■ Problem to work on ■
The answer should hold only the lines from the beginning of the material through the one with "#11,#12)) REPRESENTATION_CONTEXT('',''));", reproduced exactly and without pictures.

■ Extracted records ■
========
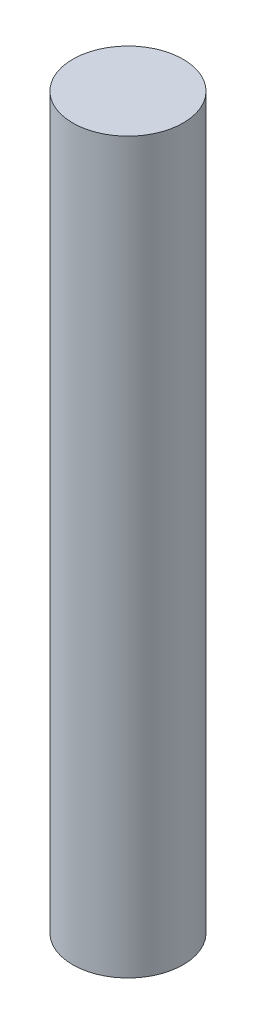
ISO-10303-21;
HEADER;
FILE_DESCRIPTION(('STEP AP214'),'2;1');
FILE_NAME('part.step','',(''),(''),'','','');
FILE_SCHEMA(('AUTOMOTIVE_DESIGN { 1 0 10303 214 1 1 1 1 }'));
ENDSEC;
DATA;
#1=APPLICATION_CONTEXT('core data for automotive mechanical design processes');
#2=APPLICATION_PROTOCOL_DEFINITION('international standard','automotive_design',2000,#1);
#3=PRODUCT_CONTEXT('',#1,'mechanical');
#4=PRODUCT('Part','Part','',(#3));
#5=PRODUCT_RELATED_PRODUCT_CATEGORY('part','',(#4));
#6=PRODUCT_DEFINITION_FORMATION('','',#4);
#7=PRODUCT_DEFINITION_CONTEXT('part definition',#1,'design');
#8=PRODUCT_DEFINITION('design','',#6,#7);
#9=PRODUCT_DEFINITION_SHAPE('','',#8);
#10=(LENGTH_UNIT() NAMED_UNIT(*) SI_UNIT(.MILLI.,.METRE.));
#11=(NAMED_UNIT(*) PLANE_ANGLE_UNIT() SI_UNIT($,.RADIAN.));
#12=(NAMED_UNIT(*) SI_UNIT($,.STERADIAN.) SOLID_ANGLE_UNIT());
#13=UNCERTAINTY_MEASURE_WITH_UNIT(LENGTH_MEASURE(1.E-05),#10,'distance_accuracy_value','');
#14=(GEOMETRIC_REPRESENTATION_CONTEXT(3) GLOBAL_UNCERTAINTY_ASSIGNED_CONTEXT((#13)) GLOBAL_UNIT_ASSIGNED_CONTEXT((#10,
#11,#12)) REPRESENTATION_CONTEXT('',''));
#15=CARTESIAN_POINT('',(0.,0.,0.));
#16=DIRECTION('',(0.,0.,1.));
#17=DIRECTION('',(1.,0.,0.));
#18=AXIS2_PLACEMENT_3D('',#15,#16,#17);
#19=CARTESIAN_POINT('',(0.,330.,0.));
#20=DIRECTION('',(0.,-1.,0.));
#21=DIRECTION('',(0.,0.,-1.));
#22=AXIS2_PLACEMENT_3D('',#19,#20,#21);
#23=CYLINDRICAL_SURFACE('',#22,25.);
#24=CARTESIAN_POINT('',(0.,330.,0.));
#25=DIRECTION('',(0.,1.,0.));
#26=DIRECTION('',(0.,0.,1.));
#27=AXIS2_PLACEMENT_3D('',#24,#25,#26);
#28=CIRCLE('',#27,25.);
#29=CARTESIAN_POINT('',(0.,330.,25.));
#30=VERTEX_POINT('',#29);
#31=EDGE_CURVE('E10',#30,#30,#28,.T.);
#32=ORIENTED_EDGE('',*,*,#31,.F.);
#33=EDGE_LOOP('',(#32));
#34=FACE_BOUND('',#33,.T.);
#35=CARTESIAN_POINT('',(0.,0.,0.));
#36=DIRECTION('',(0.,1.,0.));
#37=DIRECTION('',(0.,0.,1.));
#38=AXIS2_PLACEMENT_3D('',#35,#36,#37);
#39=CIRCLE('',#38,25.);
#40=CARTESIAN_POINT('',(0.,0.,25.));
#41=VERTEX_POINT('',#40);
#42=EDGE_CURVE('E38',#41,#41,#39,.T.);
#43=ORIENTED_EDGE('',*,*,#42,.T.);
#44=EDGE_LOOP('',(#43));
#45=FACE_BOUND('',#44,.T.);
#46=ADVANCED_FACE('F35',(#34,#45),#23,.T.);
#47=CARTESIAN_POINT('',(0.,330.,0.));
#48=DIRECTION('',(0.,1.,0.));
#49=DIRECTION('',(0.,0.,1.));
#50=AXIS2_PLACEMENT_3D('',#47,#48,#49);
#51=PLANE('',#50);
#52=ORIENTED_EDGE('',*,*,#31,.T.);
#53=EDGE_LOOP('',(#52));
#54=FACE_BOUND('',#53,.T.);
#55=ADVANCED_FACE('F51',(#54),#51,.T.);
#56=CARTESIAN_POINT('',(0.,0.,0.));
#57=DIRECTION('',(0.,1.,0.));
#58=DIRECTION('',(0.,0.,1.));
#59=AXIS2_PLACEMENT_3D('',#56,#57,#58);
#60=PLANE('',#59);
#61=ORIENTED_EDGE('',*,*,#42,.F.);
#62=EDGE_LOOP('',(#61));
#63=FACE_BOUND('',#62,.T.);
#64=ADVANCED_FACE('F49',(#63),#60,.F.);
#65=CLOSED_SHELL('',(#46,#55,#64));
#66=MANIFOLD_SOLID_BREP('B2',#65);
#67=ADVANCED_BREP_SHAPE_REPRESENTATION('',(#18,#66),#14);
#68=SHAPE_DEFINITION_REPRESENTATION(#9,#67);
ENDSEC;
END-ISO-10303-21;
========
■ Exercise response ■
ISO-10303-21;
HEADER;
FILE_DESCRIPTION(('STEP AP214'),'2;1');
FILE_NAME('part.step','',(''),(''),'','','');
FILE_SCHEMA(('AUTOMOTIVE_DESIGN { 1 0 10303 214 1 1 1 1 }'));
ENDSEC;
DATA;
#1=APPLICATION_CONTEXT('core data for automotive mechanical design processes');
#2=APPLICATION_PROTOCOL_DEFINITION('international standard','automotive_design',2000,#1);
#3=PRODUCT_CONTEXT('',#1,'mechanical');
#4=PRODUCT('Part','Part','',(#3));
#5=PRODUCT_RELATED_PRODUCT_CATEGORY('part','',(#4));
#6=PRODUCT_DEFINITION_FORMATION('','',#4);
#7=PRODUCT_DEFINITION_CONTEXT('part definition',#1,'design');
#8=PRODUCT_DEFINITION('design','',#6,#7);
#9=PRODUCT_DEFINITION_SHAPE('','',#8);
#10=(LENGTH_UNIT() NAMED_UNIT(*) SI_UNIT(.MILLI.,.METRE.));
#11=(NAMED_UNIT(*) PLANE_ANGLE_UNIT() SI_UNIT($,.RADIAN.));
#12=(NAMED_UNIT(*) SI_UNIT($,.STERADIAN.) SOLID_ANGLE_UNIT());
#13=UNCERTAINTY_MEASURE_WITH_UNIT(LENGTH_MEASURE(1.E-05),#10,'distance_accuracy_value','');
#14=(GEOMETRIC_REPRESENTATION_CONTEXT(3) GLOBAL_UNCERTAINTY_ASSIGNED_CONTEXT((#13)) GLOBAL_UNIT_ASSIGNED_CONTEXT((#10,
#11,#12)) REPRESENTATION_CONTEXT('',''));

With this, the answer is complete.